START Exercise materials

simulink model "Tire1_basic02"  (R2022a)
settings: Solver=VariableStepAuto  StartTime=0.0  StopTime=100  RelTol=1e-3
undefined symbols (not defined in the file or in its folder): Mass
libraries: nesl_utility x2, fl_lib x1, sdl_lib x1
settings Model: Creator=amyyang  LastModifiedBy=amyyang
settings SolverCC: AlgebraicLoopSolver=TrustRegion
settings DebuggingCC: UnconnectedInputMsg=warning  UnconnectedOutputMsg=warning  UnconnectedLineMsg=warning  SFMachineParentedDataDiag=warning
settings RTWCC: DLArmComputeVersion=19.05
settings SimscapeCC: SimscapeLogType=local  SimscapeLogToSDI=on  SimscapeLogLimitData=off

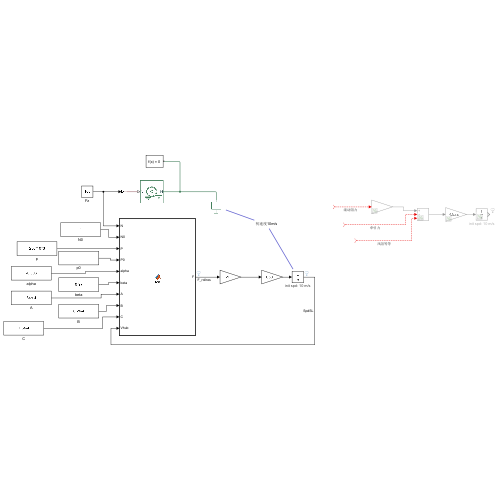
[thumbnail: Simulink's stored preview of the top-level diagram]
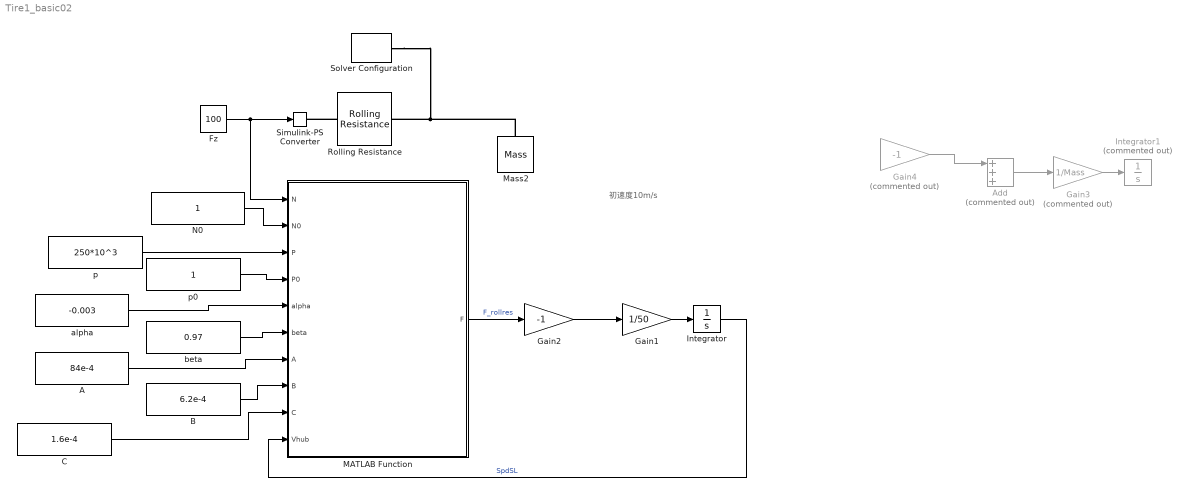
== system Tire1_basic02 ==
  note: 初速度10m/s
  A : Constant  Value=84e-4
  Add : Sum  Commented=on  Inputs=+++
  B : Constant  Value=6.2e-4
  C : Constant  Value=1.6e-4
  Fz : Constant  Value=100
  Gain1 : Gain  Gain=1/50
  Gain2 : Gain  Gain=-1
  Gain3 : Gain  Commented=on  Gain=1/Mass
  Gain4 : Gain  Commented=on  Gain=-1
  Integrator : Integrator  InitialCondition=10
      settings: AttributesFormatString=init spd: %<InitialCondition> m/s
  Integrator1 : Integrator  Commented=on  InitialCondition=10
      settings: AttributesFormatString=init spd: %<InitialCondition> m/s
  MATLAB Function : MATLAB Function  TreatAsAtomicUnit=on
  Mass2 : fl_lib/Mechanical/Translational Elements/Mass  mass=50 kg  num_ports=foundation.enum.numPorts2.one  v_specify=on  v_priority=High  v=10 m/s  v_nominal_specify=off  v_nominal_unit=m/s  v_nominal_value=1  f_specify=off  f_priority=None  f=0 N  f_nominal_specify=off  f_nominal_unit=N  f_nominal_value=1
      settings: SourceProductBaseCode=PW,SS,VE
  N0 : Constant
  Rolling Resistance : sdl_lib/Tires & Vehicles/Tire Subcomponents/Rolling Resistance  model=2  coeff=0.015  p_tire=250e3 Pa  alpha=-0.003  beta=0.97  coeff_a=84e-4  coeff_b=6.2e-4 s/m  coeff_c=1.6e-4 s^2/m^2  v_thr=0.001 m/s
      settings: SourceProductBaseCode=LD  LogSimulationData=on  InternalSimscapePortConfiguration="{\"Bottom\":[],\"Left\":[{\"id\":\"N\",\"label\":\"N\",\"type\":\"input\"}],\"Right\":[{\"id\":\"H\",\"label\":\"H\",\"type\":\"foundation.mechanical.translational.translational\"}],\"Top\":[]}"
  Simulink-PS Converter : nesl_utility/Simulink-PS Converter  PhysicalDomain=network_engine_domain  SubClassName=ps_input  LeftPortType=input  RightPortType=output  PseudoPeriodic=off  Frequencies=[]  NoiseDistribution=none  NoiseParameters=[]  Unit=N  AffineConversion=off  FilteringAndDerivatives=provide  SimscapeFilterOrder=1  InputFilterTimeConstant=0.001  UdotUserProvided=0
      settings: SourceProductBaseCode=SS,PW,VE
  Solver Configuration : nesl_utility/Solver Configuration  PhysicalDomain=network_engine_domain  SubClassName=solver  LeftPortType=input  RightPortType=generic  Tones=[]  Harmonics=[]  SimulateNoise=off  Profile=off  UseLocalSampling=off  EnableSwitchedLinearOptims=on  FrequencyDomain=off  UseCCode=off  RelTol=0.001  AbsTol=1e-06  MinStep=1e-09  ToWorkspace=off  RevertToSquareIcSolve=off  NumHomotopyIterations=100  PhasorMode=off  PhasorModeNumHarmonics=1  IndexReductionMethod=DerivativeReplacement  DoDC=off  ResidualTolerance=1e-09  UseLocalSolver=off  LocalSolverChoice=NE_BACKWARD_EULER_ADVANCER  LocalSolverSampleTime=0.001  DoFixedCost=off  MaxNonlinIter=3  MaxModeIter=2  ComputeImpulses=off  ImpulseIterations=2  LinearAlgebra=auto  LinearAlgebraNumThread=0  EquationFormulation=NE_TIME_EF  DelaysMemoryBudget=1024  AutomaticFiltering=on  FilteringTimeConstant=0.001  PartitionStorageMethod=AS_NEEDED  PartitionMemoryBudget=1024  PartitionMethod=ROBUST
      settings: SourceProductBaseCode=SS,PW,VE
  alpha : Constant  Value=-0.003
  beta : Constant  Value=0.97
  p : Constant  Value=250*10^3
  p0 : Constant
  wires:
  Fz/1 -> MATLAB Function/1(N), Simulink-PS Converter/1
  p/1 -> MATLAB Function/3(P)
  p0/1 -> MATLAB Function/4(P0)
  alpha/1 -> MATLAB Function/5(alpha)
  beta/1 -> MATLAB Function/6(beta)
  B/1 -> MATLAB Function/8(B)
  C/1 -> MATLAB Function/9(C)
  A/1 -> MATLAB Function/7(A)
  Gain1/1 -> Integrator/1
  MATLAB Function/1(F) -> Gain2/1  "F_rollres"
  Integrator/1 -> MATLAB Function/10(Vhub)  "SpdSL"
  N0/1 -> MATLAB Function/2(N0)
  Gain2/1 -> Gain1/1
  Gain3/1 -> Integrator1/1
  Add/1 -> Gain3/1
  Gain4/1 -> Add/1
  ? -> Add/2  "牵引力"
  ? -> Gain4/1  "滚动阻力"
  ? -> Add/3  "风阻等等"
  connections:
  Rolling Resistance/LConn1 -- Simulink-PS Converter/RConn1
  Mass2/LConn1 -- Solver Configuration/RConn1 -- Rolling Resistance/RConn1

== matlab function Tire1_basic02/MATLAB Function ==
  data: N input; N0 input; P input; F output; P0 input; alpha input; beta input; A input; B input; C input; Vhub input
function F = fcn(N,N0,P,P0,alpha,beta,A,B,C,Vhub)

F = (P/P0)^alpha * (N/N0)^beta*(A + B*abs(Vhub) + C* Vhub^2);

END Exercise materials

**Action item**
Retype the records in full, exactly as given, and omit the pictures.

**Solution for this task**
simulink model "Tire1_basic02"  (R2022a)
settings: Solver=VariableStepAuto  StartTime=0.0  StopTime=100  RelTol=1e-3
undefined symbols (not defined in the file or in its folder): Mass
libraries: nesl_utility x2, fl_lib x1, sdl_lib x1
settings Model: Creator=amyyang  LastModifiedBy=amyyang
settings SolverCC: AlgebraicLoopSolver=TrustRegion
settings DebuggingCC: UnconnectedInputMsg=warning  UnconnectedOutputMsg=warning  UnconnectedLineMsg=warning  SFMachineParentedDataDiag=warning
settings RTWCC: DLArmComputeVersion=19.05
settings SimscapeCC: SimscapeLogType=local  SimscapeLogToSDI=on  SimscapeLogLimitData=off

[thumbnail: Simulink's stored preview of the top-level diagram]
== system Tire1_basic02 ==
  note: 初速度10m/s
  A : Constant  Value=84e-4
  Add : Sum  Commented=on  Inputs=+++
  B : Constant  Value=6.2e-4
  C : Constant  Value=1.6e-4
  Fz : Constant  Value=100
  Gain1 : Gain  Gain=1/50
  Gain2 : Gain  Gain=-1
  Gain3 : Gain  Commented=on  Gain=1/Mass
  Gain4 : Gain  Commented=on  Gain=-1
  Integrator : Integrator  InitialCondition=10
      settings: AttributesFormatString=init spd: %<InitialCondition> m/s
  Integrator1 : Integrator  Commented=on  InitialCondition=10
      settings: AttributesFormatString=init spd: %<InitialCondition> m/s
  MATLAB Function : MATLAB Function  TreatAsAtomicUnit=on
  Mass2 : fl_lib/Mechanical/Translational Elements/Mass  mass=50 kg  num_ports=foundation.enum.numPorts2.one  v_specify=on  v_priority=High  v=10 m/s  v_nominal_specify=off  v_nominal_unit=m/s  v_nominal_value=1  f_specify=off  f_priority=None  f=0 N  f_nominal_specify=off  f_nominal_unit=N  f_nominal_value=1
      settings: SourceProductBaseCode=PW,SS,VE
  N0 : Constant
  Rolling Resistance : sdl_lib/Tires & Vehicles/Tire Subcomponents/Rolling Resistance  model=2  coeff=0.015  p_tire=250e3 Pa  alpha=-0.003  beta=0.97  coeff_a=84e-4  coeff_b=6.2e-4 s/m  coeff_c=1.6e-4 s^2/m^2  v_thr=0.001 m/s
      settings: SourceProductBaseCode=LD  LogSimulationData=on  InternalSimscapePortConfiguration="{\"Bottom\":[],\"Left\":[{\"id\":\"N\",\"label\":\"N\",\"type\":\"input\"}],\"Right\":[{\"id\":\"H\",\"label\":\"H\",\"type\":\"foundation.mechanical.translational.translational\"}],\"Top\":[]}"
  Simulink-PS Converter : nesl_utility/Simulink-PS Converter  PhysicalDomain=network_engine_domain  SubClassName=ps_input  LeftPortType=input  RightPortType=output  PseudoPeriodic=off  Frequencies=[]  NoiseDistribution=none  NoiseParameters=[]  Unit=N  AffineConversion=off  FilteringAndDerivatives=provide  SimscapeFilterOrder=1  InputFilterTimeConstant=0.001  UdotUserProvided=0
      settings: SourceProductBaseCode=SS,PW,VE
  Solver Configuration : nesl_utility/Solver Configuration  PhysicalDomain=network_engine_domain  SubClassName=solver  LeftPortType=input  RightPortType=generic  Tones=[]  Harmonics=[]  SimulateNoise=off  Profile=off  UseLocalSampling=off  EnableSwitchedLinearOptims=on  FrequencyDomain=off  UseCCode=off  RelTol=0.001  AbsTol=1e-06  MinStep=1e-09  ToWorkspace=off  RevertToSquareIcSolve=off  NumHomotopyIterations=100  PhasorMode=off  PhasorModeNumHarmonics=1  IndexReductionMethod=DerivativeReplacement  DoDC=off  ResidualTolerance=1e-09  UseLocalSolver=off  LocalSolverChoice=NE_BACKWARD_EULER_ADVANCER  LocalSolverSampleTime=0.001  DoFixedCost=off  MaxNonlinIter=3  MaxModeIter=2  ComputeImpulses=off  ImpulseIterations=2  LinearAlgebra=auto  LinearAlgebraNumThread=0  EquationFormulation=NE_TIME_EF  DelaysMemoryBudget=1024  AutomaticFiltering=on  FilteringTimeConstant=0.001  PartitionStorageMethod=AS_NEEDED  PartitionMemoryBudget=1024  PartitionMethod=ROBUST
      settings: SourceProductBaseCode=SS,PW,VE
  alpha : Constant  Value=-0.003
  beta : Constant  Value=0.97
  p : Constant  Value=250*10^3
  p0 : Constant
  wires:
  Fz/1 -> MATLAB Function/1(N), Simulink-PS Converter/1
  p/1 -> MATLAB Function/3(P)
  p0/1 -> MATLAB Function/4(P0)
  alpha/1 -> MATLAB Function/5(alpha)
  beta/1 -> MATLAB Function/6(beta)
  B/1 -> MATLAB Function/8(B)
  C/1 -> MATLAB Function/9(C)
  A/1 -> MATLAB Function/7(A)
  Gain1/1 -> Integrator/1
  MATLAB Function/1(F) -> Gain2/1  "F_rollres"
  Integrator/1 -> MATLAB Function/10(Vhub)  "SpdSL"
  N0/1 -> MATLAB Function/2(N0)
  Gain2/1 -> Gain1/1
  Gain3/1 -> Integrator1/1
  Add/1 -> Gain3/1
  Gain4/1 -> Add/1
  ? -> Add/2  "牵引力"
  ? -> Gain4/1  "滚动阻力"
  ? -> Add/3  "风阻等等"
  connections:
  Rolling Resistance/LConn1 -- Simulink-PS Converter/RConn1
  Mass2/LConn1 -- Solver Configuration/RConn1 -- Rolling Resistance/RConn1

== matlab function Tire1_basic02/MATLAB Function ==
  data: N input; N0 input; P input; F output; P0 input; alpha input; beta input; A input; B input; C input; Vhub input
function F = fcn(N,N0,P,P0,alpha,beta,A,B,C,Vhub)

F = (P/P0)^alpha * (N/N0)^beta*(A + B*abs(Vhub) + C* Vhub^2);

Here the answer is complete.